3.2. Synthesis of Hept-6-en-1-yl Furan-2-carboxylate

Then, 0.05 mol of furfural was added to a flask, followed by the addition of an equimolar amount of 70% aqueous tert-butyl hydroperoxide solution and 5 mol% copper(I) chloride. Additionally, 20 mL of acetonitrile was added as the solvent. After the reaction mixture was stirred at room temperature for 5 h, 0.075 mol of 7-bromo-1-heptene (3), 0.01 mol of potassium carbonate, and 0.1 g of tetrabutylammonium bromide were added (Scheme 4). The progress of the reaction was monitored by thin-layer chromatography (TLC). After the reaction was complete, the acetonitrile was removed by rotary evaporation, and the residual reaction mixture was dissolved in ethyl acetate. Then, we washed the solution with water and alkali sequentially. Finally, the target compound, hept-6-en-1-yl furan-2-carboxylate (4), was obtained as a colorless liquid in a yield of 52.6% after purification by column chromatography (ethyl acetate: petroleum ether 1:50).

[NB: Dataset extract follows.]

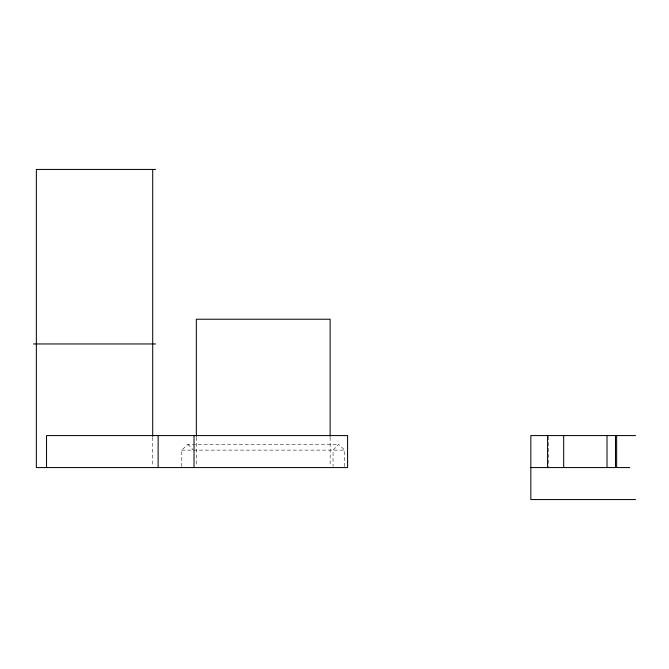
<?xml version="1.0" encoding="UTF-8"?>
<svg xmlns="http://www.w3.org/2000/svg" width="669" height="669" viewBox="0 0 669 669"><rect width="100%" height="100%" fill="white"/><g stroke="black" fill="none" stroke-linecap="round" stroke-linejoin="round"><path stroke-width="0.5" stroke-dasharray="3.35 2.51" d="M344.677 466.544L344.677 450.12L338.648 444.3L333.045 450.12L333.045 466.544M181.792 466.544L181.792 450.12L187.83 444.3L338.648 444.3M181.792 450.12L344.677 450.12M187.83 444.3L193.425 450.12M548.714 436.606L548.714 466.544M330.135 437.275L330.135 466.527M196.335 437.275L196.335 466.527M152.708 437.342L152.708 466.544"/><path stroke-width="1" d="M155.618 169.433L36.36 169.433L36.36 467.572L347.587 467.572L347.587 435.578L46.537 435.578L46.537 467.572M33.45 343.958L155.618 343.958M635.55 435.578L530.835 435.578L530.835 499.567L635.55 499.567M530.835 467.572L629.73 467.572M616.642 435.578L616.642 467.572M615.488 435.578L615.488 467.572M607.017 435.578L607.017 467.572M563.674 435.578L563.674 467.572M547.577 435.578L547.577 467.572M330.135 436.23L330.135 319.23L196.335 319.23L196.335 436.23M194.027 435.578L194.027 467.572M158.127 435.578L158.127 467.572M152.708 169.433L152.708 436.297"/></g></svg>

Hept-6-en-1-yl Furan-2-carboxylate: ¹H NMR (500 MHz, CDCl₃) δ 7.56 (d, J = 0.9 Hz, 1H), 7.16 (dd, J = 3.5, 0.7 Hz, 1H), 6.49 (dd, J = 3.5, 1.7 Hz, 1H), 5.79 (ddt, J = 16.9, 10.2, 6.7 Hz, 1H), 4.99 (dd, J = 17.1, 1.9 Hz, 1H), 4.94 (dd, J = 10.7, 1.4 Hz, 1H), 4.29 (t, J = 6.8 Hz, 2H), 2.06 (t, J = 6.7 Hz, 2H), 1.74 (q, J = 7.0 Hz, 2H), 1.43 (dt, i = 6.8, 2.7 Hz, 4H).¹³C NMR (126 MHz, CDCl₃) δ 158.82, 146.17, 144.84, 138.65, 117.69, 114.51, 111.76, 64.98, 33.57, 28.49 (d, J = 8.2 Hz), 25.35. HRMS (ESI): C₁₂H₁₆O₃[M + H]⁺ calcd for 209.117221, found 209.117118. (Figures S1–S3). IR v_max (cm⁻¹): 3141.75, 3076.32, 2932.37, 2858.83, 1726.86 (C=O), 1640.79, 1578.49, 1476.89, 1398.02, 1297.05, 1230.64, 1177.75, 1120.11, 1076.76, 1013.00, 955.63, 912.29, 885.44, 763.47, 615.65, 597.50 (Figure S5).

4. Conclusions

In conclusion, we designed a one-pot synthesis method for hept-6-en-1-yl furan-2-carboxylate, which is greener and more efficient. Using furfural as the starting material, it was catalytically converted to furoic acid. Without any intermediate treatment, 7-bromo-1-heptene was added to react and form hept-6-en-1-yl furan-2-carboxylate. This synthetic method opens up new possibilities for the development and utilization of furfural as a platform compound.